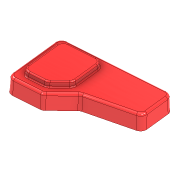
# Autodesk Inventor part: Plastic Cover
Saved by Autodesk Inventor 2020.1 (Build 241239000, 239)
## iProperties
Created: 2019-09-07
Part Number: Plastic Cover
Material: Generic
Document SubType Name: Modeling
Designer: thom_tremblay
Density: 1 g/cm^3
Appearance: Light Red
Author: thom_tremblay
Autodesk Inventor part; units mm, degrees
ref_plane "YZ Plane" through (0, 0, 0) normal (1, 0, 0) x (0, 1, 0)
ref_plane "XZ Plane" through (0, 0, 0) normal (0, 1, 0) x (-1, 0, 0)
ref_plane "XY Plane" through (0, 0, 0) normal (0, 0, 1) x (1, 0, 0)
sketch "Sketch1" plane through (0, 0, 0) normal (0, 0, 1) x (1, 0, 0)
  line L0 (0, 0) -> (0, 208.28)
  line L1 (0, 208.28) -> (-114.3, 208.28)
  line L2 (-114.3, 208.28) -> (-184.237, 149.5959)
  line L3 (-184.237, 149.5959) -> (-355.6, 119.38)
  line L4 (-355.6, 119.38) -> (-355.6, 0)
  line L5 (-355.6, 0) -> (0, 0)
  dimension "d0" = 208.28
  dimension "d1" = 355.6
  dimension "d2" = 100
  dimension "d3" = 140
  dimension "d4" = 114.3
  dimension "d5" = 119.38
  constraints: 12 end point, 2 perpendicular, 1 parallel, 1 vertical
  measures "d0" distance of L0.start L0.end
  measures "d1" distance of L4.end L0.start
  measures "d2" angle of L3 L4
  measures "d3" angle of L1 L2
  measures "d4" distance of L0.end L1.end
  measures "d5" distance of L3.end L4.end
extrude "Extrusion1" add sketch "Sketch1" along normal blind 50.8 draft -2
sketch "Sketch2" plane through (0, 0, 50.8) normal (0, 0, 1) x (1, 0, 0)
  point P0 (0, 0)
sketch "Sketch3" plane through (0, 0, 50.8) normal (0, 0, 1) x (1, 0, 0)
  line L0 (-113.6543, 206.506) -> (-1.774, 206.506) construction
  line L1 (-183.4608, 147.9314) -> (-113.6543, 206.506) construction
  line L2 (-353.826, 117.8915) -> (-183.4608, 147.9314) construction
  line L3 (-353.826, 1.774) -> (-353.826, 117.8915) construction
  line L4 (-1.774, 1.774) -> (-353.826, 1.774) construction
  line L5 (-1.774, 206.506) -> (-1.774, 1.774) construction
  line L6 (-154.174, 27.174) -> (-27.174, 27.174)
  line L7 (-27.174, 27.174) -> (-27.174, 181.106)
  line L8 (-27.174, 181.106) -> (-104.4095, 181.106)
  line L9 (-104.4095, 181.106) -> (-154.174, 139.3487)
  line L10 (-154.174, 139.3487) -> (-154.174, 27.174)
  line L11 (-27.174, 27.174) -> (-27.174, 1.774) construction
  line L12 (0, 1.774) -> (-353.826, 1.774) projected
  line L13 (-27.174, 181.106) -> (-1.774, 181.106) construction
  line L14 (-1.774, 206.506) -> (-1.774, 0) projected
  line L15 (-27.174, 181.106) -> (-27.174, 206.506) construction
  line L16 (-154.174, 139.3487) -> (-170.5008, 158.8062) construction
  line L17 (-183.4608, 147.9314) -> (-113.6543, 206.506) construction
  point P0 (0, 0)
  dimension "d8" = 25.4
  dimension "d9" = 127
  constraints: 18 end point, 5 perpendicular, 3 equal length, 3 point on line, 2 parallel, 1 horizontal, 4 other
  measures "d8" distance between parallel lines of L1 L9
  measures "d9" distance of L6.start L6.end
extrude "Extrusion2" add sketch "Sketch3" along normal blind 17.78 draft -2
fillet "Fillet1" radius 20.32 6 edges at (-354.713, 118.6357, 25.4) (-354.713, 0.887, 25.4) (-183.8489, 148.7637, 25.4) (-113.9772, 207.393, 25.4) (-0.887, 207.393, 25.4) (-0.887, 0.887, 25.4)
fillet "Fillet1" radius 20.32 5 edges at (-27.4844, 180.7956, 59.69) (-27.4844, 27.4844, 59.69) (-104.2965, 180.7956, 59.69) (-153.8635, 139.2039, 59.69) (-153.8635, 27.4844, 59.69)
fillet "Fillet1" radius 3.81 5 edges at (-154.174, 83.2613, 50.8) (-129.2917, 160.2273, 50.8) (-65.7917, 181.106, 50.8) (-27.174, 104.14, 50.8) (-90.674, 27.174, 50.8)
fillet "Fillet1" radius 7.62 6 edges at (-57.7142, 206.506, 50.8) (-148.5576, 177.2187, 50.8) (-268.6434, 132.9115, 50.8) (-353.826, 59.8327, 50.8) (-177.8, 1.774, 50.8) (-1.774, 104.14, 50.8)
fillet "Fillet1" radius 4.572 5 edges at (-90.674, 27.7949, 68.58) (-27.7949, 104.14, 68.58) (-65.9892, 180.4851, 68.58) (-128.8683, 159.7721, 68.58) (-153.5531, 83.427, 68.58)
shell "Shell1" thickness 3.81 removed faces 1 at (-181.7319, 49.5503, 0)
sketch "Sketch4" plane through (0, 0, 68.58) normal (0, 0, 1) x (1, 0, 0)
  line L0 (-50.8, 46.99) -> (-127, 46.99)
  line L1 (-127, 46.99) -> (-127, 87.63)
  line L2 (-127, 87.63) -> (-50.8, 87.63)
  line L3 (-50.8, 87.63) -> (-50.8, 46.99)
  line L4 (-50.8, 87.63) -> (-81.28, 87.63)
  line L5 (-81.28, 87.63) -> (-81.28, 118.11)
  line L6 (-81.28, 118.11) -> (-50.8, 118.11)
  line L7 (-50.8, 118.11) -> (-50.8, 87.63)
  point P0 (0, 0)
  dimension "d18" = 46.99
  dimension "d19" = 50.8
  dimension "d20" = 76.2
  dimension "d21" = 71.12
  dimension "d22" = 30.48
  dimension "d23" = 40.64
  constraints: 16 end point, 4 parallel, 2 horizontal, 2 perpendicular
  measures "d18" distance from line of L0 point (0, 0)
  measures "d19" distance from line of L3 point (0, 0)
  measures "d20" distance of L0.start L0.end
  measures "d21" distance between parallel lines of L6 L0
  measures "d22" distance of L5.end L6.end
  measures "d23" distance of L2.end L0.start
body "Solid1"

◆ Your goal
Provide only the number of lines in the records containing the string "between".

◆ Expected answer
2